# noise coming from right front side



## mdust (Apr 9, 2007)

Hi Folks
I am getting a noise just after moving from a stationery spot or in a traffic about two seconds after.The noise sounds like something is slack from a rubber grip . I was told by my mechanics to change my disc pads or it could be my abs working in . I have changed my disc pads and I am still experiencing this noise. Can anyone suggest the cause?I have a 2005 2.0 from Japan. many regards


----------



## aussietrail (Sep 24, 2004)

ABS self-test

I think this question and answer has been provided over a 100 times on this forum LOL 

Marc: Maybe it's a good idea to make it a sticky topic at the top with this sound and what it means, you may wanna include a audio file with you hissing in it to represent the ABS self-test. hahahahaha


----------



## Revhead Kev (Apr 1, 2007)

Jalal,
Doesn't the ABS self-test only happen on startup ?
Mdust mentioned they get the noise also when in traffic about 2 secs after moving off.

Mdust,
What does the noise sound like ?
Is it a knock, bump or other sound ?


----------



## aussietrail (Sep 24, 2004)

Yes Kev, the ABS self test only happens at start-up.


----------



## mdust (Apr 9, 2007)

Hi Folks
Thanks for your replies guys, according to Jalal with his comments on this topic 100 times this q is being asked maybe there is something Nissan has to address . The noise is somewhat like a loose rubber hitting against the chasis.I have checked all my engine mounts and they are good.
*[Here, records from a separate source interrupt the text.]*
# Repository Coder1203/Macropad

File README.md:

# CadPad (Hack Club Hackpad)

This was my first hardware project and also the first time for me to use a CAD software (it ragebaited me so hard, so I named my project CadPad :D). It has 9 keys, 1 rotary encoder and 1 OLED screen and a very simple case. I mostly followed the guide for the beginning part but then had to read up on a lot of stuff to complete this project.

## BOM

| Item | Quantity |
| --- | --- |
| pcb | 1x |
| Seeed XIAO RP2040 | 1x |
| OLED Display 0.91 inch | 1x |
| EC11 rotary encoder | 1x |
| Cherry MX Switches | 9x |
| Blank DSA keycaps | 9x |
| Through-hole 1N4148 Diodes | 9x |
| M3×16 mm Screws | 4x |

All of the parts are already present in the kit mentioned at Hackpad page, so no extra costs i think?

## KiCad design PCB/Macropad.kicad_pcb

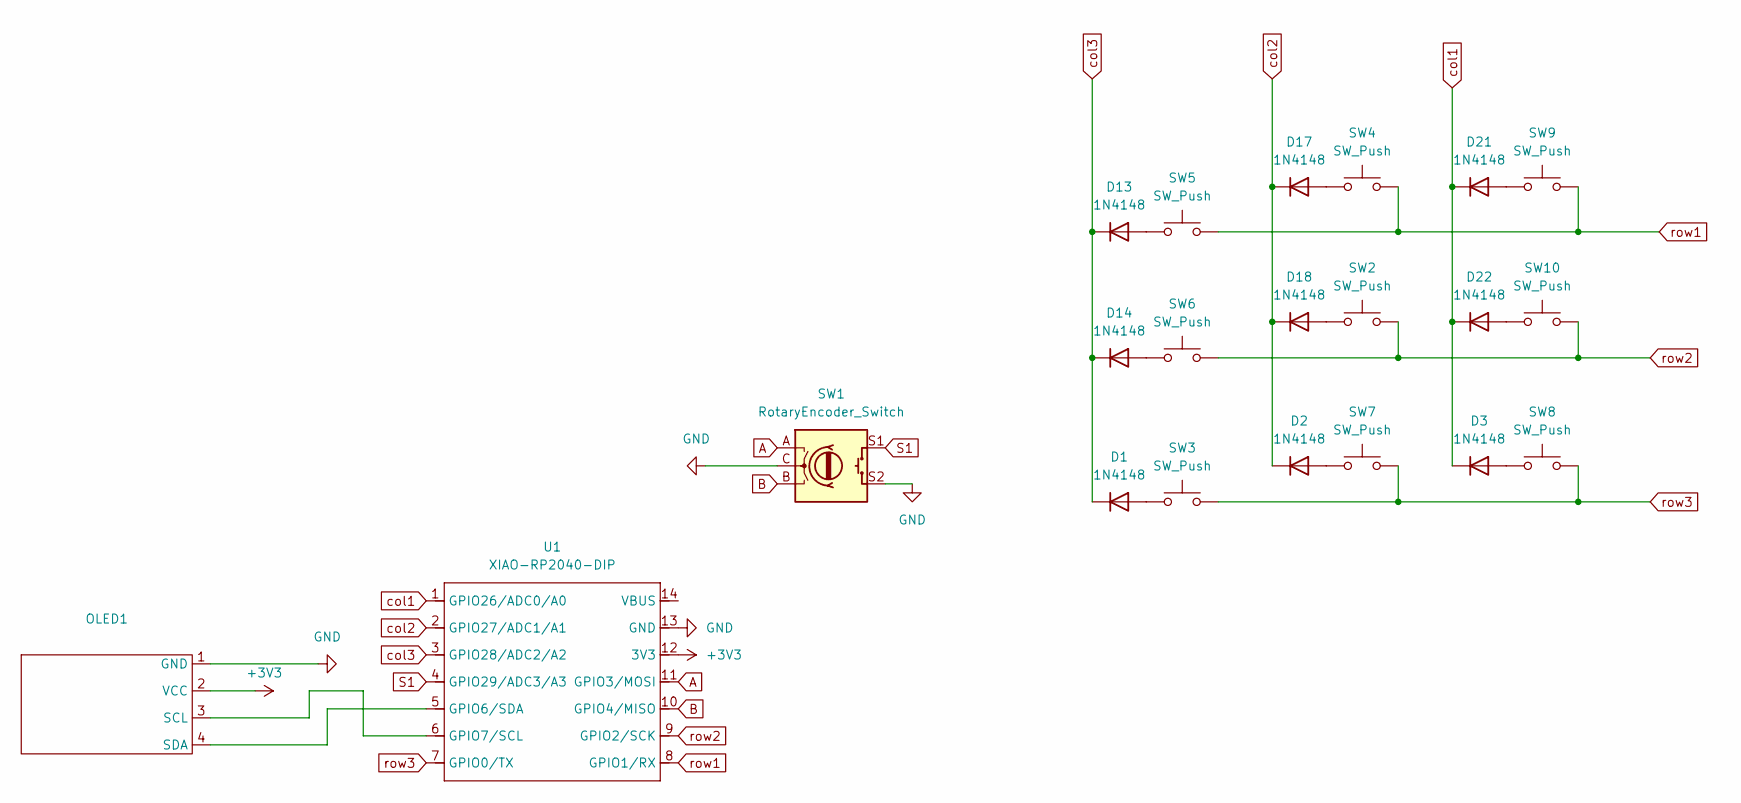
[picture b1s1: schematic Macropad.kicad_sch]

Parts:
D1, D2, D3, D13, D14, D17, D18, D21, D22: 1N4148; D_DO-35_SOD27_P7.62mm_Horizontal
OLED1: (no value)
SW1: RotaryEncoder_Switch; RotaryEncoder_Alps_EC11E-Switch_Vertical_H20mm
SW2, SW3, SW4, SW5, SW6, SW7, SW8, SW9, SW10: SW_Push; SW_Cherry_MX_1.00u_PCB
U1: XIAO-RP2040-DIP; XIAO-SAMD21-DIP

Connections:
+3V3: OLED1.2 (VCC), U1.12 (3V3)
A: SW1.A, U1.11 (GPIO3/MOSI)
B: SW1.B, U1.10 (GPIO4/MISO)
GND: OLED1.1 (GND), SW1.C, SW1.S2, U1.13 (GND)
unnamed: D1.2 (A), SW3.1
unnamed: D2.2 (A), SW7.1
unnamed: D3.2 (A), SW8.1
unnamed: D13.2 (A), SW5.1
unnamed: D14.2 (A), SW6.1
unnamed: D17.2 (A), SW4.1
unnamed: D18.2 (A), SW2.1
unnamed: D21.2 (A), SW9.1
unnamed: D22.2 (A), SW10.1
unnamed: OLED1.3 (SCL), U1.6 (GPIO7/SCL)
unnamed: OLED1.4 (SDA), U1.5 (GPIO6/SDA)
S1: SW1.S1, U1.4 (GPIO29/ADC3/A3)
col1: D3.1 (K), D21.1 (K), D22.1 (K), U1.1 (GPIO26/ADC0/A0)
col2: D2.1 (K), D17.1 (K), D18.1 (K), U1.2 (GPIO27/ADC1/A1)
col3: D1.1 (K), D13.1 (K), D14.1 (K), U1.3 (GPIO28/ADC2/A2)
row1: SW4.2, SW5.2, SW9.2, U1.8 (GPIO1/RX)
row2: SW2.2, SW6.2, SW10.2, U1.9 (GPIO2/SCK)
row3: SW3.2, SW7.2, SW8.2, U1.7 (GPIO0/TX)

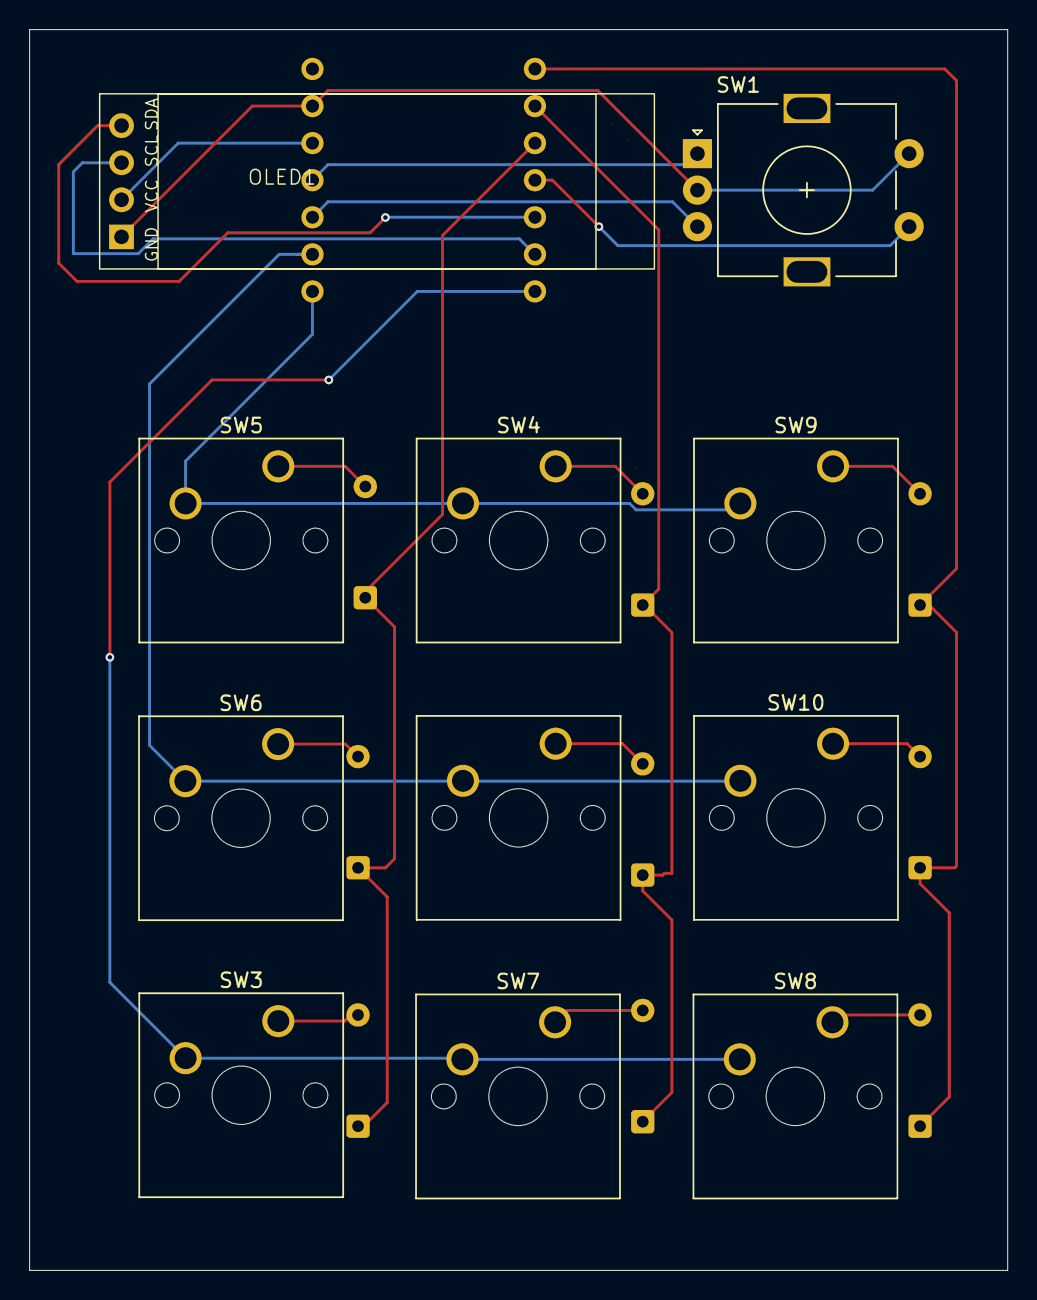
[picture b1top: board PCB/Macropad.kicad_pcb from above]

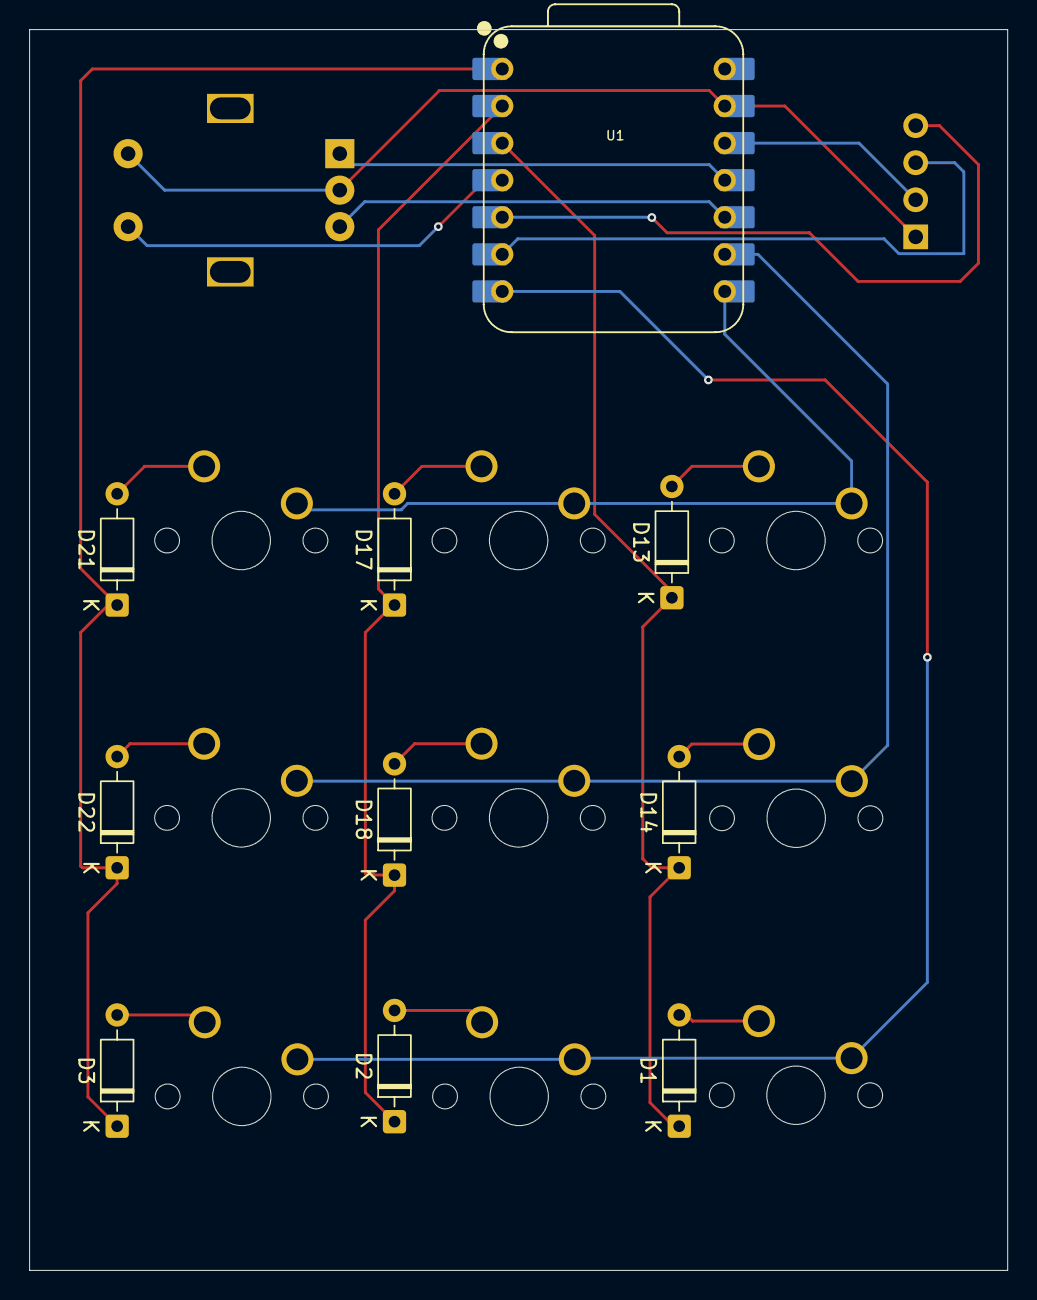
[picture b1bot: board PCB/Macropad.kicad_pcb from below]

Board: 2 copper layers, 67.0 x 85.0 mm, 21 parts (10 on the bottom side), 22 nets.

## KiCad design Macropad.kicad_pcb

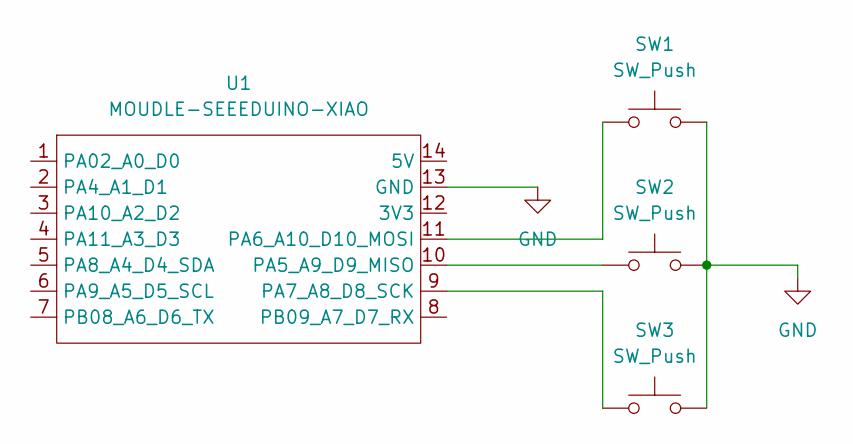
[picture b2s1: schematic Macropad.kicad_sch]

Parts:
SW1, SW2, SW3: SW_Push; SW_Cherry_MX_1.00u_PCB
U1: MOUDLE-SEEEDUINO-XIAO; XIAO-Generic-Hybrid-14P-2.54-21X17.8MM

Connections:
GND: SW1.2, SW2.2, SW3.2, U1.13 (GND)
unnamed: SW2.1, U1.10 (PA5_A9_D9_MISO)
unnamed: SW1.1, U1.11 (PA6_A10_D10_MOSI)
unnamed: SW3.1, U1.9 (PA7_A8_D8_SCK)

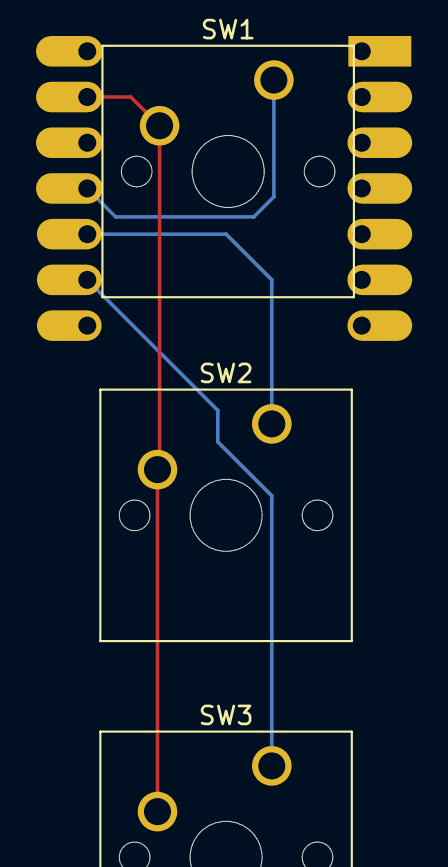
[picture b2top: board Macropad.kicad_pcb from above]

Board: 2 copper layers, 4 parts (1 on the bottom side), 4 nets.

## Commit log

2026-03-27 v1.0
2026-03-27 images
2026-03-27 updated some stuff
2026-03-29 Updated PCB
2026-03-29 v1.1

No signs of bursting.


----------



## aussietrail (Sep 24, 2004)

Hi mdust, my reply was only based on the noise that you would normally hear when you start the car and move away, this would be the ABS self-test for sure, but you shouldn't be hearing that noise when the car is moving.

Have you checked the drive shaft shoes/rubber to see if there is any tear in them? This coukd happen if you went over a stick or something and had the shaft shoes torn. The noise could also be related to a shot front wheel bearing and we had quite a few of these replaced down under under warranty.


----------